Quanto ao sistema de acesso a Amazon forneceu o software de processamento acústico e de áudio para suportar interações de voz à distância, tal como se faz em casa com as colunas receptoras e emissoras ligadas á rede, por meio do Alexa. Incluiu também algoritmos de ajuste para contabilizar o ruído dos motores e a reverberação associada as múltiplas superfícies metálicas dentro da cabine de voo.

O sistema Callisto está também equipado com a tecnologia de controlo de voz local da Amazon, que permite que Alexa funcione em áreas com conectividade limitada ou sem conectividade.

E uma das inovações neste sistema de Inteligência Artificial combinado com o processamento interno a bordo da capsula espacial Orion, o programa vai poder contornar o atraso (ou latência) associado ao envio de informações da Lua para a Terra e vice-versa, e permitir que futuros astronautas acessem informações e recursos específicos quase que instantaneamente.
No Artemis I, o programa IA Alexa será capaz de aceder a dados de telemetria em tempo real e responder a milhares de perguntas específicas da missão a bordo do Orion, incluindo perguntas como “Alexa, qual é a velocidade atual da Orion?” ou “Alexa, qual é a temperatura na cabine?”

Os engenheiros que têm em mãos o sistema Alexa, não finalizaram o seu trabalho ao entregar este sistema à Lockheed Martin.

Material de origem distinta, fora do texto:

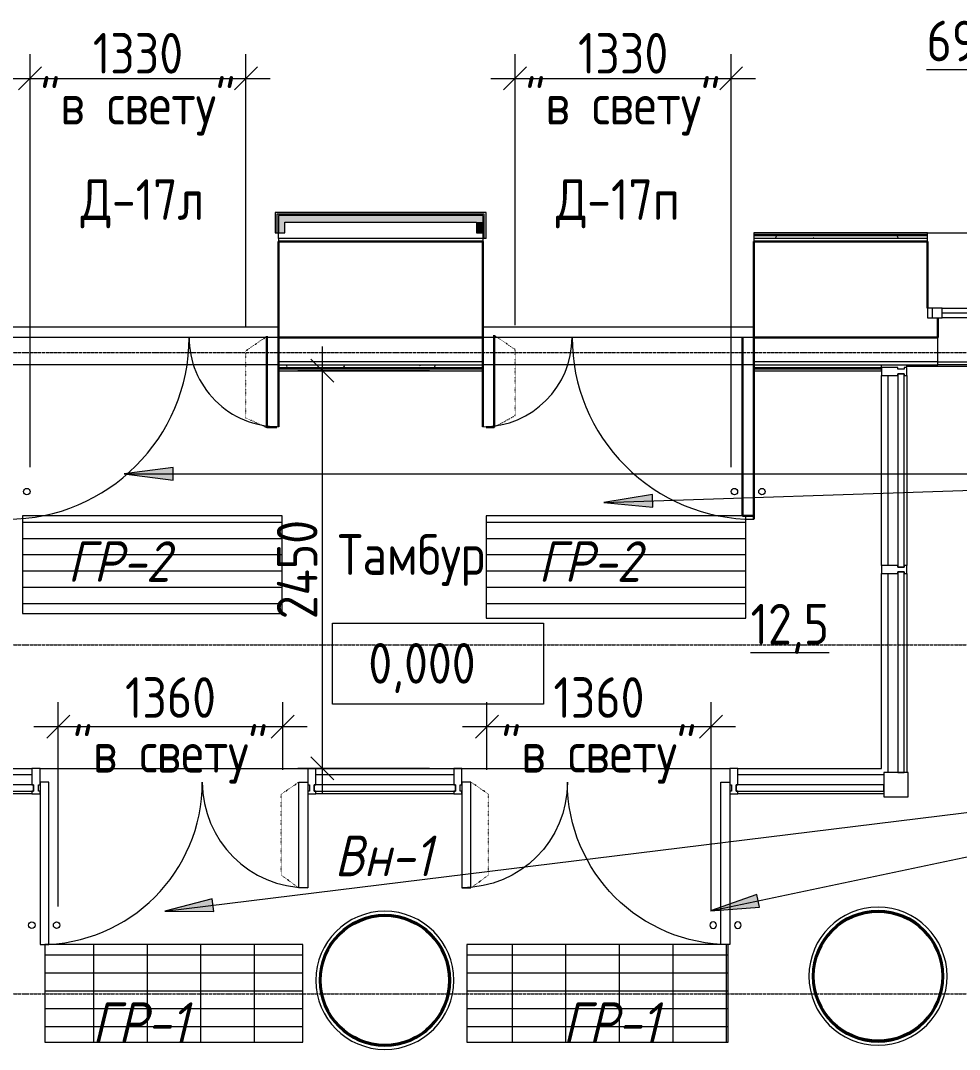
# Model space of a CAD drawing. Header units: millimetres. Extents: x -11345 to 411485, y -9810 to 73012.
# Drawn here: x 54361 to 60146, y -2497 to 3840 of the extents above; entities that cross this region are included whole.
import ezdxf

# ---------------------------------------------------------------- set-up
doc = ezdxf.new("R2010")
doc.units = ezdxf.units.MM
doc.linetypes.add('ADSK_Линия сетки', pattern=[25, 20, -2.5, 0, -2.5])
doc.linetypes.add('ADSK_Пунктирная_п1', pattern=[0.53, 0, -0.53])
for name, color, linetype, lineweight in [('_ Окна', 7, 'Continuous', 9), ('Аннотация', 7, 'Continuous', 18), ('Витраж', 7, 'Continuous', 9), ('Двери', 7, 'Continuous', 9), ('Колонны', 7, 'Continuous', 18), ('Марки', 7, 'Continuous', 20), ('Марки дверей', 7, 'Continuous', 20), ('Марки помещений', 7, 'Continuous', 20), ('Окна', 7, 'Continuous', 9), ('Оси', 253, 'Continuous', 9), ('Отметки', 7, 'Continuous', 9), ('Панели витража', 7, 'Continuous', 9), ('Перекрытие', 7, 'Continuous', 9), ('Размеры', 7, 'Continuous', 5), ('Стены внутренние', 7, 'Continuous', 18), ('Стены наружные', 7, 'Continuous', 18), ('Стены несущие', 7, 'Continuous', 30), ('Стены отделка', 7, 'Continuous', 30), ('Стены штриховка', 7, 'Continuous', 9), ('Узлы', 7, 'Continuous', 18)]:
    doc.layers.add(name, color=color, linetype=linetype, lineweight=lineweight)
doc.layers.add('Линии', color=7, linetype='Continuous', lineweight=9, true_color=0x00a600)
doc.styles.add('GOST Common_2', font='GOST_Common.ttf', dxfattribs={"width": 0.9, "height": 250})
doc.styles.add('GOST Common_3', font='GOST_Common.ttf', dxfattribs={"width": 0.9, "height": 250})
doc.styles.add('GOST Common_B_I', font='', dxfattribs={"width": 0.9, "height": 250})
doc.styles.get('GOST Common_B_I').set_extended_font_data('GOST Common', italic=True, bold=True)
doc.dimstyles.new('ADSK_Основной_2_5_мм_Округление_до_10_мм', dxfattribs={"dimscale": 304.8, "dimtxt": 251.428749, "dimasz": 0.463911, "dimexe": 0.492126, "dimexo": 0.492126, "dimgap": 0.098425, "dimtad": 1, "dimdec": 0, "dimrnd": 10, "dimdsep": 46, "dimtxsty": 'GOST Common_3', "dimblk1": 'OBLIQUE', "dimblk2": 'OBLIQUE', "dimsah": 1, "dimcen": 0.09, "dimdle": 0.492126, "dimazin": 2, "dimtfac": 1, "dimtdec": 4, "dimtix": 1, "dimtmove": 0, "dimatfit": 3, "dimfxl": 1, "dimtvp": 1, "dimtolj": 1, "dimtzin": 0, "dimlwd": 20, "dimlwe": 20, "dimarcsym": 2})
doc.dimstyles.new('ADSK_Основной_2_5_мм_Округление_до_1_мм', dxfattribs={"dimscale": 304.8, "dimtxt": 250, "dimasz": 0.463911, "dimexe": 0.492126, "dimexo": 0.492126, "dimgap": 0.098425, "dimtad": 1, "dimdec": 0, "dimdsep": 46, "dimtxsty": 'GOST Common_3', "dimblk1": 'OBLIQUE', "dimblk2": 'OBLIQUE', "dimsah": 1, "dimcen": 0.09, "dimdle": 0.492126, "dimazin": 2, "dimtfac": 1, "dimtdec": 0, "dimtix": 1, "dimtmove": 0, "dimatfit": 3, "dimfxl": 1, "dimtvp": 1, "dimtolj": 1, "dimtzin": 0, "dimlwd": 20, "dimlwe": 20, "dimarcsym": 2})
pattern_1 = [(0, (32053.86, 0), (406.4, 101.6), [33.528, -271.272, 33.528, -271.272, -1625.6]), (0, (32053.86, 0), (406.4, 101.6), [-609.6, 33.528, -576.072, 33.528, -271.272, -711.2]), (0, (32053.86, 0), (406.4, 101.6), [-1524, 33.528, -169.672, 33.528, -474.472]), (120, (32206.26, 50.8), (-291.18818, 301.15272), [33.528, -271.272, 33.528, -271.272, -1625.6]), (120, (32206.26, 50.8), (-291.18818, 301.15272), [-609.6, 33.528, -576.072, 33.528, -271.272, -711.2]), (120, (32206.26, 50.8), (-291.18818, 301.15272), [-1524, 33.528, -169.672, 33.528, -474.472]), (240, (32257.06, 254), (-115.21182, -402.75272), [33.528, -271.272, 33.528, -271.272, -1625.6]), (240, (32257.06, 254), (-115.21182, -402.75272), [-609.6, 33.528, -576.072, 33.528, -271.272, -711.2]), (240, (32257.06, 254), (-115.21182, -402.75272), [-1524, 33.528, -169.672, 33.528, -474.472])]
pattern_2 = [(0, (32053.86, -550), (0, 100), [])]

# ---------------------------------------------------------------- blocks, each defined once
blk = doc.blocks.new('Системная панель - Стекло - 40мм-6453344-План 1-го этажа')
at = {"layer": 'Панели витража', "lineweight": 18}
blk.add_line((-405, 40), (-405, 0), dxfattribs=at)
blk.add_lwpolyline([(-405, 0), (505, 0), (505, 40), (-405, 40)], dxfattribs=at)
blk = doc.blocks.new('Системная панель - Стекло - 40мм-4289807-План 1-го этажа')
at = {"layer": 'Панели витража', "lineweight": 18}
blk.add_lwpolyline([(263.8, 0), (263.8, 40), (-971.2, 40), (-971.2, 0)], close=True, dxfattribs=at)
blk = doc.blocks.new('Прямоугольный импост - Импост структурный с накладкой - 100мм-5430409-План 1-го этажа')
at = {"layer": 'Витраж'}
for p, q in [((22226, -300.6), (21326, -300.6)), ((22226, -417.6), (21326, -417.6))]:
    blk.add_line(p, q, dxfattribs=at)
blk = doc.blocks.new('Квадратный угловой импост - 150х150 мм-6453345-План 1-го этажа')
at = {"layer": 'Витраж', "lineweight": 18}
for p, q in [((-25, 25), (125, 25)), ((-25, -125), (-25, 25)), ((125, 25), (125, -125)), ((125, -125), (-25, -125))]:
    blk.add_line(p, q, dxfattribs=at)
blk = doc.blocks.new('Системная панель - Стекло - 40мм-6453346-План 1-го этажа')
at = {"layer": 'Панели витража', "lineweight": 18}
blk.add_line((-535, 40), (-535, 0), dxfattribs=at)
blk.add_lwpolyline([(-535, 0), (335, 0), (335, 40), (-535, 40)], dxfattribs=at)
blk = doc.blocks.new('Прямоугольный импост - Импост структурный с накладкой - 160мм-4289808-План 1-го этажа')
at = {"layer": 'Витраж', "lineweight": 18}
for p, q in [((-50, 0), (-50, 17)), ((-50, 17), (0, 17)), ((-40, 0), (-50, 0)), ((-40, -40), (-40, 0)), ((0, 0), (-10, 0)), ((-10, 0), (-10, -40)), ((0, 17), (0, 0)), ((-50, -140), (-50, -40)), ((-50, -40), (-40, -40)), ((-10, -40), (0, -40)), ((0, -40), (0, -140)), ((0, -140), (-50, -140))]:
    blk.add_line(p, q, dxfattribs=at)
blk = doc.blocks.new('Системная панель - Стекло - 40мм-4289809-План 1-го этажа')
at = {"layer": 'Панели витража', "lineweight": 18}
blk.add_lwpolyline([(488.8, 40), (-701.2, 40), (-701.2, 0), (488.8, 0)], close=True, dxfattribs=at)
blk = doc.blocks.new('Прямоугольный импост - Импост структурный с накладкой - 160мм-6453342-План 1-го этажа')
at = {"layer": 'Витраж', "lineweight": 18}
for p, q in [((-25, 0), (-25, 17)), ((-25, 17), (25, 17)), ((-15, 0), (-25, 0)), ((-15, -40), (-15, 0)), ((25, 0), (15, 0)), ((15, 0), (15, -40)), ((25, 17), (25, 0)), ((-25, -140), (-25, -40)), ((-25, -40), (-15, -40)), ((15, -40), (25, -40)), ((25, -40), (25, -140)), ((25, -140), (-25, -140))]:
    blk.add_line(p, q, dxfattribs=at)
blk = doc.blocks.new('Прямоугольный импост - Импост структурный с накладкой - 160мм-4289652-План 1-го этажа')
at = {"layer": 'Витраж', "lineweight": 18}
for p, q in [((-25, 0), (-25, 17)), ((-25, 17), (25, 17)), ((-15, 0), (-25, 0)), ((-15, -40), (-15, 0)), ((25, 0), (15, 0)), ((15, 0), (15, -40)), ((25, 17), (25, 0)), ((-25, -140), (-25, -40)), ((-25, -40), (-15, -40)), ((15, -40), (25, -40)), ((25, -40), (25, -140)), ((25, -140), (-25, -140))]:
    blk.add_line(p, q, dxfattribs=at)
blk = doc.blocks.new('Витражная двухстворчатая дверь - Входная двухстворчатая левая-6453348-План 1-го этажа')
at = {"layer": 'Двери'}
for points in [[(-825, -945), (-770, -945), (-770, 55), (-825, 55), (-825, -945)], [(825, -595), (770, -595), (770, 55), (825, 55), (825, -595)]]:
    blk.add_lwpolyline(points, dxfattribs=at)
for centre, radius, start, end in [((-825, 55), 1000, 270, 0), ((825, 55), 650, 180, 270)]:
    blk.add_arc(centre, radius, start, end, dxfattribs=at)
at = {"layer": 'Линии', "color": 7, "linetype": 'ADSK_Пунктирная_п1'}
for points in [[(660.6, -516.3), (660.6, -19.2), (769.3, 55.8)], [(768.9, -595), (660.6, -516.3)]]:
    blk.add_lwpolyline(points, dxfattribs=at)
at = {"layer": 'Линии', "color": 7, "lineweight": 18}
for centre in [(-875, -825), (-722.5, -825)]:
    blk.add_circle(centre, 20, dxfattribs=at)
blk = doc.blocks.new('AC_Дверь_Двупольная_Алюминиевая - 1670х2250Н алюм ост Д-25п-5482240-План 1-го этажа')
at = {"layer": 'Двери', "lineweight": 30}
for p, q in [((-835, 295), (-835, 1415)), ((835, 295), (835, 845))]:
    blk.add_line(p, q, dxfattribs=at)
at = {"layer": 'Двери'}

Esta experiência servirá também para recolha de novos dados e aprenderem com o tempo a todas as ações que a Alexa passou no espaço, de forma a tornar os futuros recursos do sistema ainda melhores para os clientes, quer na espaço, quer na Terra, incluindo aqueles que operam em ambientes hostis ou remotos sem conectividade.

E vai ser através do Deep Space Network da NASA , que a Alexa vai poder recuperar e usar as informações da Terra para os astronautas no espaço. Informações que podem ir desde as simples notícias do que se passa no mundo, mas também contactos mais privados onde os astronautas podem ligar para suas casas durante as longas missões.

Juntas, essas interações de voz podem ajudar a tornar a vida mais simples e eficiente para aqueles que cada vez mais vivem a bordo das estações espaciais ou de missões espaciais de longo curso, especialmente quando eles estão impedidos de contactos pessoais ou preocupados com outras tarefas durante a missão.
Créditos ESA/DR
“Alexa, leve-me para a lua”.
Dentro desta iniciativa inovadora a Amazon avança estar já a criar um novo programa Amazon Future Engineer chamado Alexa for Astronauts .

A iniciativa oferecerá viagens virtuais ao vivo do Johnson Space Center e proporcionará a alunos e futuros astronautas uma visão em primeira mão da experiência virtual da tripulação e outras instalações em torno do controle de missão.

O Alexa for Astronauts incluirá o currículo STEM desenvolvido pelo MIT App Inventor e desenvolvido com os parceiros da National Science Teaching Association e Mobile CSP, permitindo que os educadores aprofundem a aprendizagem da ciência da computação na missão Artemis I nas salas de aula.

Estas novas experiências Alexa, pode ler-se no site da Amazon "serão lançadas mais perto da missão Artemis I. Mas para os mais curiosos está já disponível para dispositivos habilitados para Alexa. E para começar e configurar lembretes para os próximos marcos da missão - basta dizer: “Alexa, leve-me para a lua”.